The hotel is tricked out with a lot of brilliant tech integrations: Bluetooth Sonos speakers in each room, and lights at foot level set to motion-sensors so you can make middle of the night trips to the bathroom without fumbling to turn on a lamp. Unfortunately, the tech I most wanted to work – the wireless charging pad built into the nightstand – did not. I placed my phone every which way on it, removed it from its case and it would not charge. There were no accessible electrical outlets by my bed so I had to leave my phone on the other side of the room to charge it.

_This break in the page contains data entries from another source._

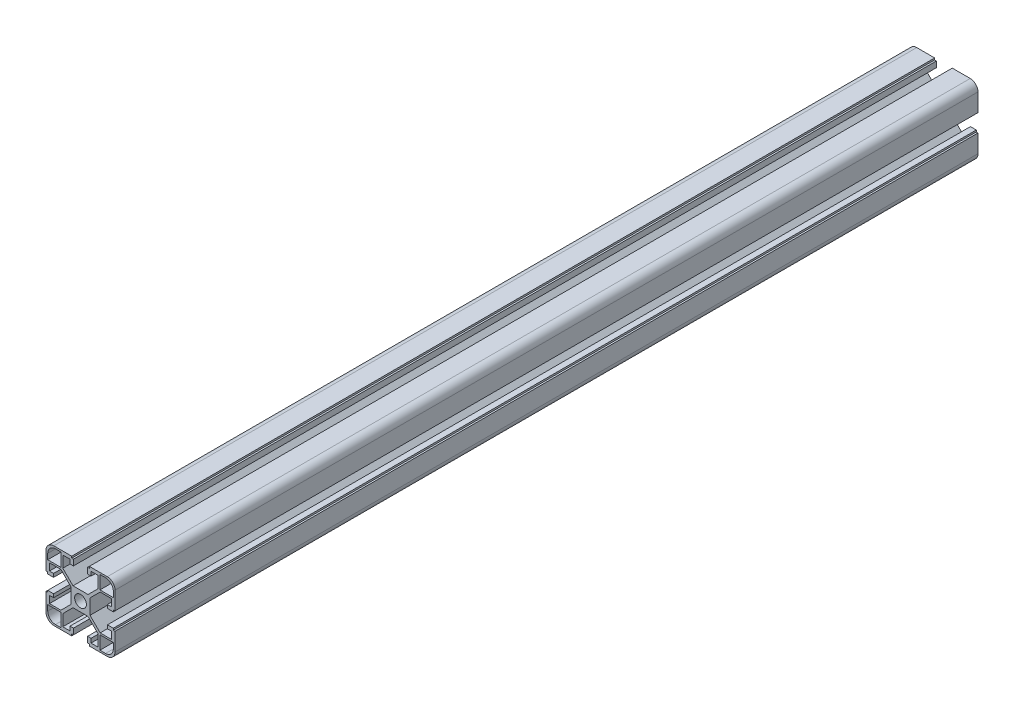
SolidWorks part; units mm, degrees
material "6061 合金"
ref_plane "前视基准面" through (0, 0, 0) normal (0, 0, 1) x (1, 0, 0)
ref_plane "上视基准面" through (0, 0, 0) normal (0, 1, 0) x (1, 0, 0)
ref_plane "右视基准面" through (0, 0, 0) normal (1, 0, 0) x (0, 0, -1)
other "Configuration Table"
sketch "草图1" plane through (0, 0, 0) normal (0, 0, 1) x (1, 0, 0)
  line L1 (-20, 20) -> (20, 20)
  line L2 (-20, 20) -> (-20, -20)
  line L3 (-20, -20) -> (20, -20)
  line L4 (20, 20) -> (20, -20)
  line L5 (-20, 20) -> (20, -20) construction
  line L6 (-20, -20) -> (20, 20) construction
  point P0 (0, 0)
  dimension "D1" = 40
  dimension "D2" = 40
extrude "凸台-拉伸1" add sketch "草图1" against normal blind 500
sketch "草图2" plane through (0, 0, 0) normal (0, 0, 1) x (1, 0, 0)
  line L0 (0, 0) -> (-20, 0) construction
  line L1 (-20, 20) -> (-20, -20) construction
  line L2 (-20, 5.1) -> (-19, 5.1)
  line L3 (-19, 5.1) -> (-19, 4.1)
  line L4 (-19, 4.1) -> (-15.6, 4.1)
  line L5 (-15.6, 4.1) -> (-15.6, 6.1)
  line L6 (-15.6, 6.1) -> (-18, 6.1)
  line L7 (-18, 6.1) -> (-18, 10.25)
  line L8 (-18, 10.25) -> (-11.3814, 10.25)
  line L9 (-11.3814, 10.25) -> (-5.5, 4.3686)
  line L10 (-11.3814, -10.25) -> (-5.5, -4.3686)
  line L11 (-5.5, 5.5) -> (5.5, 5.5)
  line L12 (-5.5, 5.5) -> (-5.5, -5.5)
  line L13 (-5.5, -5.5) -> (5.5, -5.5)
  line L14 (5.5, 5.5) -> (5.5, -5.5)
  line L15 (-5.5, 5.5) -> (5.5, -5.5) construction
  line L16 (-5.5, -5.5) -> (5.5, 5.5) construction
  line L17 (-18, -10.25) -> (-11.3814, -10.25)
  line L18 (-18, -6.1) -> (-18, -10.25)
  line L19 (-15.6, -6.1) -> (-18, -6.1)
  line L20 (-15.6, -4.1) -> (-15.6, -6.1)
  line L21 (-19, -4.1) -> (-15.6, -4.1)
  line L22 (-19, -5.1) -> (-19, -4.1)
  line L23 (-20, -5.1) -> (-19, -5.1)
  line L24 (-20, 5.1) -> (-20, -5.1)
  line L25 (5.1, 20) -> (5.1, 19)
  line L26 (5.1, 19) -> (4.1, 19)
  line L27 (4.1, 19) -> (4.1, 15.6)
  line L28 (4.1, 15.6) -> (6.1, 15.6)
  line L29 (6.1, 15.6) -> (6.1, 18)
  line L30 (6.1, 18) -> (10.25, 18)
  line L31 (10.25, 18) -> (10.25, 11.3814)
  line L32 (10.25, 11.3814) -> (4.3686, 5.5)
  line L33 (-10.25, 11.3814) -> (-4.3686, 5.5)
  line L34 (-10.25, 18) -> (-10.25, 11.3814)
  line L35 (-6.1, 18) -> (-10.25, 18)
  line L36 (-6.1, 15.6) -> (-6.1, 18)
  line L37 (-4.1, 15.6) -> (-6.1, 15.6)
  line L38 (-4.1, 19) -> (-4.1, 15.6)
  line L39 (-5.1, 19) -> (-4.1, 19)
  line L40 (-5.1, 20) -> (-5.1, 19)
  line L41 (5.1, 20) -> (-5.1, 20)
  line L42 (0, 0) -> (0, 20) construction
  line L43 (20, -5.1) -> (19, -5.1)
  line L44 (19, -5.1) -> (19, -4.1)
  line L45 (19, -4.1) -> (15.6, -4.1)
  line L46 (15.6, -4.1) -> (15.6, -6.1)
  line L47 (15.6, -6.1) -> (18, -6.1)
  line L48 (18, -6.1) -> (18, -10.25)
  line L49 (18, -10.25) -> (11.3814, -10.25)
  line L50 (11.3814, -10.25) -> (5.5, -4.3686)
  line L51 (11.3814, 10.25) -> (5.5, 4.3686)
  line L52 (18, 10.25) -> (11.3814, 10.25)
  line L53 (18, 6.1) -> (18, 10.25)
  line L54 (15.6, 6.1) -> (18, 6.1)
  line L55 (15.6, 4.1) -> (15.6, 6.1)
  line L56 (19, 4.1) -> (15.6, 4.1)
  line L57 (19, 5.1) -> (19, 4.1)
  line L58 (20, 5.1) -> (19, 5.1)
  line L59 (20, -5.1) -> (20, 5.1)
  line L60 (0, 0) -> (20, 0) construction
  line L61 (-5.1, -20) -> (-5.1, -19)
  line L62 (-5.1, -19) -> (-4.1, -19)
  line L63 (-4.1, -19) -> (-4.1, -15.6)
  line L64 (-4.1, -15.6) -> (-6.1, -15.6)
  line L65 (-6.1, -15.6) -> (-6.1, -18)
  line L66 (-6.1, -18) -> (-10.25, -18)
  line L67 (-10.25, -18) -> (-10.25, -11.3814)
  line L68 (-10.25, -11.3814) -> (-4.3686, -5.5)
  line L69 (10.25, -11.3814) -> (4.3686, -5.5)
  line L70 (10.25, -18) -> (10.25, -11.3814)
  line L71 (6.1, -18) -> (10.25, -18)
  line L72 (6.1, -15.6) -> (6.1, -18)
  line L73 (4.1, -15.6) -> (6.1, -15.6)
  line L74 (4.1, -19) -> (4.1, -15.6)
  line L75 (5.1, -19) -> (4.1, -19)
  line L76 (5.1, -20) -> (5.1, -19)
  line L77 (-5.1, -20) -> (5.1, -20)
  line L78 (0, 0) -> (0, -20) construction
  point P18 (4.1, 15.6)
  point P28 (3.2964, 5.5)
  point P29 (0, 0)
  point P87 (0, 0)
  point P88 (15.6, -4.1)
  line M77 (20, -20) -> (20, 20)
  line M78 (20, 20) -> (-20, 20)
  line M79 (-20, 20) -> (-20, -20)
  line M80 (-20, -20) -> (20, -20)
  dimension "D1" = 11
  dimension "D2" = 11
  dimension "D3" = 8.2
  dimension "D4" = 10.1
  dimension "D5" = 1
  dimension "D7" = 1.6
  dimension "D8" = 1
  dimension "D9" = 20.5
  dimension "D10" = 2
  dimension "D11" = 2
  dimension "D6" = 4
extrude "切除-拉伸1" cut sketch "草图2" against normal through all contours L23 L22 L21 L20 L19 L18 L17 L10 L12 L9 L8 L7 L6 L5 L4 L3 L2 M79 | L76 L75 L74 L73 L72 L71 L70 L69 L13 L68 L67 L66 L65 L64 L63 L62 L61 M80 | L58 L57 L56 L55 L54 L53 L52 L51 L14 L50 L49 L48 L47 L46 L45 L44 L43 M77 | L40 L39 L38 L37 L36 L35 L34 L33 L11 L32 L31 L30 L29 L28 L27 L26 L25 M78
sketch "草图3" plane through (0, 0, 0) normal (0, 0, 1) x (1, 0, 0)
  line L0 (-10.25, 18) -> (-10.25, 11.3814) construction
  line L1 (-19, 19) -> (-11.25, 19)
  line L2 (-19, 19) -> (-19, 11.25)
  line L3 (-19, 11.25) -> (-11.25, 11.25)
  line L4 (-11.25, 19) -> (-11.25, 11.25)
  line L5 (-19, 19) -> (-11.25, 11.25) construction
  line L6 (-19, 11.25) -> (-11.25, 19) construction
  line L7 (-18, 10.25) -> (-11.3814, 10.25) construction
  line L8 (-20, 20) -> (-20, 5.1) construction
  line L9 (-5.1, 20) -> (-20, 20) construction
  line L10 (19, 19) -> (19, 11.25)
  line L11 (19, 19) -> (11.25, 19)
  line L12 (11.25, 19) -> (11.25, 11.25)
  line L13 (19, 11.25) -> (11.25, 11.25)
  line L14 (19, 19) -> (11.25, 11.25) construction
  line L15 (11.25, 19) -> (19, 11.25) construction
  line L16 (19, -19) -> (11.25, -19)
  line L17 (19, -19) -> (19, -11.25)
  line L18 (19, -11.25) -> (11.25, -11.25)
  line L19 (11.25, -19) -> (11.25, -11.25)
  line L20 (19, -19) -> (11.25, -11.25) construction
  line L21 (19, -11.25) -> (11.25, -19) construction
  line L22 (-19, -19) -> (-19, -11.25)
  line L23 (-19, -19) -> (-11.25, -19)
  line L24 (-11.25, -19) -> (-11.25, -11.25)
  line L25 (-19, -11.25) -> (-11.25, -11.25)
  line L26 (-19, -19) -> (-11.25, -11.25) construction
  line L27 (-11.25, -19) -> (-19, -11.25) construction
  point P0 (-15.125, 15.125)
  point P13 (18.2024, 14.434)
  point P14 (0, 0)
  point P16 (15.125, 15.125)
  point P21 (15.125, -15.125)
  point P26 (-15.125, -15.125)
  point P31 (0, 0)
  dimension "D1" = 1
  dimension "D2" = 1
  dimension "D3" = 1
  dimension "D4" = 1
  dimension "D5" = 4
extrude "切除-拉伸2" cut sketch "草图3" against normal through all
sketch "草图4" plane through (0, 0, 0) normal (0, 0, 1) x (1, 0, 0)
  circle A0 centre (0, 0) radius 3.4
  dimension "D1" = 6.8
extrude "切除-拉伸3" cut sketch "草图4" against normal through all
fillet "圆角1" radius 4.5 8 edges at (-20, 20, -250) (-19, 19, -250) (19, 19, -250) (20, 20, -250) (20, -20, -250) (19, -19, -250) (-20, -20, -250) (-19, -19, -250)
equation "\"length\"= 500"

Part of the renovation earlier this year was to the 1927 Lounge restaurant in the lobby, where I ate my first night surrounded by clusters of office workers enjoying after-work dinner and drinks. The server-recommended Wagyu beef dumplings and the octopus served over a poblano cream sauce were too rich, too greasy and after eating both, I desperately wished for something green and acidic to cleanse my palate. There wasn’t a single salad on the menu. I chased my heavy meal with what I hoped would be a refreshingly citrusy lemon entremet, but it was so cloyingly sweet that I – a dessert fiend – pushed it away after just a few bites. Given how acclaimed Hawksworth Restaurant – the fine-dining restaurant on site – is (it was just named the best hotel restaurant on the continent by the World Culinary Awards), I was surprised by the mediocrity of the meal at 1927 Lounge.

Since you’re in the neighbourhood

Some will tell you you need to trek out to Gastown, Little Italy or the East Side to find a good bakery but just around the corner from the Rosewood Hotel Georgia is perhaps one of the best purveyors of viennoiseries in the city: Beaucoup Bakery on Dunsmuir Street. Any one of their pastries (my favourite was the ham and cheese croissant) paired with a cortado makes for a simple, decadent breakfast. Then head over to the nearby Vancouver Art Gallery for the stunning colonialism-themed exhibit by New York painter Firelei Báez, on until mid-March.

The take away

The best parts of the Rosewood Hotel Georgia are the ones where the sights, sounds and smells of the outside world are blocked out: Whether you’re holed away in your suite cycling between the king-sized bed and the tub or zoning out in the spa, letting someone slather your limbs with glacial clay.

A friend, who grew up in Vancouver, summed it up well in a text she sent the evening I arrived. She told me she hoped it wasn’t raining but then added that it didn’t matter – I was staying at the Hotel Georgia.

Rosewood Hotel Georgia, 801 West Georgia St., Superior King rooms start at $763 a night. rosewoodhotels.com

The writer was a guest of the hotel. It did not review or approve the story before publication.